Task item = Your answer should consist only of the lines below from the one with "Appearance: Natural Maple - Glossy Dark Tint" through the one with "line L5 (-3181.8637, 4363.017)", copied exactly.

Excerpted data =
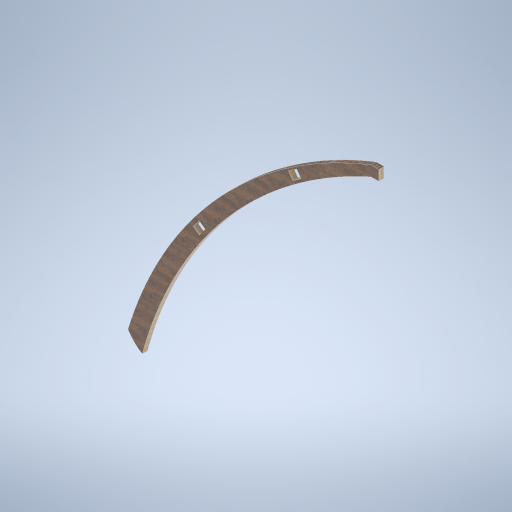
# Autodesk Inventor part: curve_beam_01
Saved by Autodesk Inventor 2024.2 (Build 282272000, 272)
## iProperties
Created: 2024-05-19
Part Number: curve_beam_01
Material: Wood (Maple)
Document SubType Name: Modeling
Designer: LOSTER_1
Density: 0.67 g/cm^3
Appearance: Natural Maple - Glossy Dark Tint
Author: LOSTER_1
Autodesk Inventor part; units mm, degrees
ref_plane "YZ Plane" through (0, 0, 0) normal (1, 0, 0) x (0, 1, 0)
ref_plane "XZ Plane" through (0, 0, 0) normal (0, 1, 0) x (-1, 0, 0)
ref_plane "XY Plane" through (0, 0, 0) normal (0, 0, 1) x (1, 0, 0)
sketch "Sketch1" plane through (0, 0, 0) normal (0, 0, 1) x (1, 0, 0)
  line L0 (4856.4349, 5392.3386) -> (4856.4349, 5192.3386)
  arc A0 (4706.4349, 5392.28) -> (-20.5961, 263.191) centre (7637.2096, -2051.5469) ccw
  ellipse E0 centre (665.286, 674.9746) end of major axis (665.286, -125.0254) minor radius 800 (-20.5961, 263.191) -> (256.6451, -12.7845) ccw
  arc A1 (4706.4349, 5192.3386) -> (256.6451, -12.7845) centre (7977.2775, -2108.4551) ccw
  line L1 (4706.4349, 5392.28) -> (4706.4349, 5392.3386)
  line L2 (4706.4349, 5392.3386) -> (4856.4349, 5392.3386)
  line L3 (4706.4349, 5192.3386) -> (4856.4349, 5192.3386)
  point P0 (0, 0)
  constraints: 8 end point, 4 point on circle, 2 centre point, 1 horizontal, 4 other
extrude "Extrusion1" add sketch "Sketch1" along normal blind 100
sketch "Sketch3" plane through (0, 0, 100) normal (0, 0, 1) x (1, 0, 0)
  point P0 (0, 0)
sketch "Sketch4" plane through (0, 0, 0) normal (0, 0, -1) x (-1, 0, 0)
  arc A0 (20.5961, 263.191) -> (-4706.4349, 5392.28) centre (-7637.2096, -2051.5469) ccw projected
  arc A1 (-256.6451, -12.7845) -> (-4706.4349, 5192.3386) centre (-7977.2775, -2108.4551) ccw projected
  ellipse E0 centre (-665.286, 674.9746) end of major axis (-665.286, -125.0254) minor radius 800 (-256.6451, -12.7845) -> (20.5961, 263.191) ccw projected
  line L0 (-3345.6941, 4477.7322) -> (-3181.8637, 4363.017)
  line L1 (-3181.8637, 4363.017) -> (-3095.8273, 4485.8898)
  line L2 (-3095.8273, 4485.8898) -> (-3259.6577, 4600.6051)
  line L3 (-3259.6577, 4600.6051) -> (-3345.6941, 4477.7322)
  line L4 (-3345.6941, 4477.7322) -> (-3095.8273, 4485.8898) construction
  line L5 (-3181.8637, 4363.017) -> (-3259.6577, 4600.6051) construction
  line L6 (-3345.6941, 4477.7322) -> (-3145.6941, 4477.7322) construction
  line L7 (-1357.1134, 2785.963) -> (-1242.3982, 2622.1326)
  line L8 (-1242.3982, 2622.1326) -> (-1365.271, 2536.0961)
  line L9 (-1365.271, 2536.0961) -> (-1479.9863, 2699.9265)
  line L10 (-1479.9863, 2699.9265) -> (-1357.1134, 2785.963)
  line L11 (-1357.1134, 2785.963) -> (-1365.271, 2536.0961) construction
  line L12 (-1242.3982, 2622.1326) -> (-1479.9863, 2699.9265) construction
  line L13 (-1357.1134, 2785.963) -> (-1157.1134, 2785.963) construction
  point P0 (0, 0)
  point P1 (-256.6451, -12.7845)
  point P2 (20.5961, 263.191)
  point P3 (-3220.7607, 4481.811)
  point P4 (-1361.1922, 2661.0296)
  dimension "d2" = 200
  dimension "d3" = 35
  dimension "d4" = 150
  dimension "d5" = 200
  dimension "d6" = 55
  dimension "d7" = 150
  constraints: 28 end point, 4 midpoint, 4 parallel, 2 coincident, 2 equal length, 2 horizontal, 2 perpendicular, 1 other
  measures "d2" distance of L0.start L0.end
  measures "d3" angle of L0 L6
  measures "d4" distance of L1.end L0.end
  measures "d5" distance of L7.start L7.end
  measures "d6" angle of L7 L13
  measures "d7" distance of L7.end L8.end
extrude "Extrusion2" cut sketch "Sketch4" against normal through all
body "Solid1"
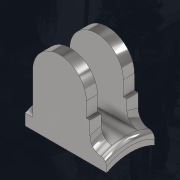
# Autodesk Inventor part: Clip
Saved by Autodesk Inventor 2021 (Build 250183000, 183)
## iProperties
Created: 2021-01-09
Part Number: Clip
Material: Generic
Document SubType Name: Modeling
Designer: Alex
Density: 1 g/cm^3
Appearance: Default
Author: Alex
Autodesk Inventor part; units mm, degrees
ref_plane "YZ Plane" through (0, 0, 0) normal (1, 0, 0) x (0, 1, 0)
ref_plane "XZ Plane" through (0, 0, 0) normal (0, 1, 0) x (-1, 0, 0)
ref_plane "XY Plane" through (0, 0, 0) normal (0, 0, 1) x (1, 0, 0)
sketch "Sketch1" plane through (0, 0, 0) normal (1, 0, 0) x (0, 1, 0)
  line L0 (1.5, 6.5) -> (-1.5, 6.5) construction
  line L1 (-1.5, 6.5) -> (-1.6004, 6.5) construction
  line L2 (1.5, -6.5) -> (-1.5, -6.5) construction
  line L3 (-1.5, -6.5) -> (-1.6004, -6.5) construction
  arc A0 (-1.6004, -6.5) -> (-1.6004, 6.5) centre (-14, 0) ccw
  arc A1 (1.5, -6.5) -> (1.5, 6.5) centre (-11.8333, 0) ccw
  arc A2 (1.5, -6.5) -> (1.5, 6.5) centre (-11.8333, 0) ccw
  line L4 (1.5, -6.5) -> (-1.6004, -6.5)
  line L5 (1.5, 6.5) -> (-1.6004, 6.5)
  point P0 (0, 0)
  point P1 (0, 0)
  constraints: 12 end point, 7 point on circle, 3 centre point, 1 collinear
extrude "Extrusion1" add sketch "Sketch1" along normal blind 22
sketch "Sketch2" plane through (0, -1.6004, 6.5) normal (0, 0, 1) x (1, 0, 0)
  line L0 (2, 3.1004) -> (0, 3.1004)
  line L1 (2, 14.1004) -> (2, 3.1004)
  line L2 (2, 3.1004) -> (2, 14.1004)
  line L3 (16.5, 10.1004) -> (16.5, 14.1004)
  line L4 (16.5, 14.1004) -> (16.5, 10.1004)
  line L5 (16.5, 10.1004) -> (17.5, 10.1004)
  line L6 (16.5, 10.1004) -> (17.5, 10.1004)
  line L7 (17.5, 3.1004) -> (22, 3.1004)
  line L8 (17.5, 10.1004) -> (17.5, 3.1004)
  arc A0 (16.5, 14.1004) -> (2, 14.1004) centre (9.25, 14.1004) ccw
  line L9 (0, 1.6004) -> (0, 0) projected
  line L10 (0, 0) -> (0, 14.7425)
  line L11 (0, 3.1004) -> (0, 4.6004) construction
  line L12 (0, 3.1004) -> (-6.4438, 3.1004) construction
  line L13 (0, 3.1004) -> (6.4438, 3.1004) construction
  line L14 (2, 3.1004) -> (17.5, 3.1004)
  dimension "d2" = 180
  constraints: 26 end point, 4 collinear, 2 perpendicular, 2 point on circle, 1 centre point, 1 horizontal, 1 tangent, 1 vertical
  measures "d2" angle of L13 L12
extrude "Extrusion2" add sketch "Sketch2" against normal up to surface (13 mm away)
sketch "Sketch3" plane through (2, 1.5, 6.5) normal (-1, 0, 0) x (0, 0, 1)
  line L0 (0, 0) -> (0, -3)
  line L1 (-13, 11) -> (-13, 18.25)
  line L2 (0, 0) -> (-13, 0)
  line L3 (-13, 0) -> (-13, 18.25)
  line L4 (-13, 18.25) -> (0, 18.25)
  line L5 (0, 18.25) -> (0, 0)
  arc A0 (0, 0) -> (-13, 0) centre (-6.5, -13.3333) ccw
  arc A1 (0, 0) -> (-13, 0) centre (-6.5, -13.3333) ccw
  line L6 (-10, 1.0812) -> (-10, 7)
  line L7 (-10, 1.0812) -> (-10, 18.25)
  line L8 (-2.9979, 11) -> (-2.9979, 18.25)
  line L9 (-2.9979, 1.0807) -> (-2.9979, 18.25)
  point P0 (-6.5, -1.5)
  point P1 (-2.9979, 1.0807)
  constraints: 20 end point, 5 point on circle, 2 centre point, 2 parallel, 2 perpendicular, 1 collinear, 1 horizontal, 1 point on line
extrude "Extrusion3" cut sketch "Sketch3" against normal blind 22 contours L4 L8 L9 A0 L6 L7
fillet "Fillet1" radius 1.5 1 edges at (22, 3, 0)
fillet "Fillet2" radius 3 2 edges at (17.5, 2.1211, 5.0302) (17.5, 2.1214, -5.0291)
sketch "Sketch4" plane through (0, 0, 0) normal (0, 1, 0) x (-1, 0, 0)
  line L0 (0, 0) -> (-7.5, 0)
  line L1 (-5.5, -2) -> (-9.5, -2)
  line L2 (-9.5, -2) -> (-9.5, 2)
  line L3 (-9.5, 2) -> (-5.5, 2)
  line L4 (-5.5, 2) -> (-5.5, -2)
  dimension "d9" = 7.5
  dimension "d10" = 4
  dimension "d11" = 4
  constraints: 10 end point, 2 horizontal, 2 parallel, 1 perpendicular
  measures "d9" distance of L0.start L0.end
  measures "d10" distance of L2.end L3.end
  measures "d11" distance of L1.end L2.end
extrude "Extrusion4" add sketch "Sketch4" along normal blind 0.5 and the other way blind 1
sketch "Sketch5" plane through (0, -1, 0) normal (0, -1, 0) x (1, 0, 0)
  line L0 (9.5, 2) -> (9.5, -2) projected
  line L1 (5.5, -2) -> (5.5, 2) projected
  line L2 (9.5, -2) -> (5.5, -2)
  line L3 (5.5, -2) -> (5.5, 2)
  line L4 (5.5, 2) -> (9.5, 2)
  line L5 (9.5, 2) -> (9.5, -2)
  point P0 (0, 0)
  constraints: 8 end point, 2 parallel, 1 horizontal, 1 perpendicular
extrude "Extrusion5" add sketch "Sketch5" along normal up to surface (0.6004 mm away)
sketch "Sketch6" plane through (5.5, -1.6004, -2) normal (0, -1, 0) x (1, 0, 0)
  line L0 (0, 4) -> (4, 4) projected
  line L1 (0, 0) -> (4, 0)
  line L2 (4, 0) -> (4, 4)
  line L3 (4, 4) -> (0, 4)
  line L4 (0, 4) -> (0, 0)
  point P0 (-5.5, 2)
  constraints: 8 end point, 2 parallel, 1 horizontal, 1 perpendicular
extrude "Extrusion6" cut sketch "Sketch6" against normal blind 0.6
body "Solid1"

Exercise result =
Appearance: Natural Maple - Glossy Dark Tint
Author: LOSTER_1
Autodesk Inventor part; units mm, degrees
ref_plane "YZ Plane" through (0, 0, 0) normal (1, 0, 0) x (0, 1, 0)
ref_plane "XZ Plane" through (0, 0, 0) normal (0, 1, 0) x (-1, 0, 0)
ref_plane "XY Plane" through (0, 0, 0) normal (0, 0, 1) x (1, 0, 0)
sketch "Sketch1" plane through (0, 0, 0) normal (0, 0, 1) x (1, 0, 0)
  line L0 (4856.4349, 5392.3386) -> (4856.4349, 5192.3386)
  arc A0 (4706.4349, 5392.28) -> (-20.5961, 263.191) centre (7637.2096, -2051.5469) ccw
  ellipse E0 centre (665.286, 674.9746) end of major axis (665.286, -125.0254) minor radius 800 (-20.5961, 263.191) -> (256.6451, -12.7845) ccw
  arc A1 (4706.4349, 5192.3386) -> (256.6451, -12.7845) centre (7977.2775, -2108.4551) ccw
  line L1 (4706.4349, 5392.28) -> (4706.4349, 5392.3386)
  line L2 (4706.4349, 5392.3386) -> (4856.4349, 5392.3386)
  line L3 (4706.4349, 5192.3386) -> (4856.4349, 5192.3386)
  point P0 (0, 0)
  constraints: 8 end point, 4 point on circle, 2 centre point, 1 horizontal, 4 other
extrude "Extrusion1" add sketch "Sketch1" along normal blind 100
sketch "Sketch3" plane through (0, 0, 100) normal (0, 0, 1) x (1, 0, 0)
  point P0 (0, 0)
sketch "Sketch4" plane through (0, 0, 0) normal (0, 0, -1) x (-1, 0, 0)
  arc A0 (20.5961, 263.191) -> (-4706.4349, 5392.28) centre (-7637.2096, -2051.5469) ccw projected
  arc A1 (-256.6451, -12.7845) -> (-4706.4349, 5192.3386) centre (-7977.2775, -2108.4551) ccw projected
  ellipse E0 centre (-665.286, 674.9746) end of major axis (-665.286, -125.0254) minor radius 800 (-256.6451, -12.7845) -> (20.5961, 263.191) ccw projected
  line L0 (-3345.6941, 4477.7322) -> (-3181.8637, 4363.017)
  line L1 (-3181.8637, 4363.017) -> (-3095.8273, 4485.8898)
  line L2 (-3095.8273, 4485.8898) -> (-3259.6577, 4600.6051)
  line L3 (-3259.6577, 4600.6051) -> (-3345.6941, 4477.7322)
  line L4 (-3345.6941, 4477.7322) -> (-3095.8273, 4485.8898) construction
  line L5 (-3181.8637, 4363.017) -> (-3259.6577, 4600.6051) construction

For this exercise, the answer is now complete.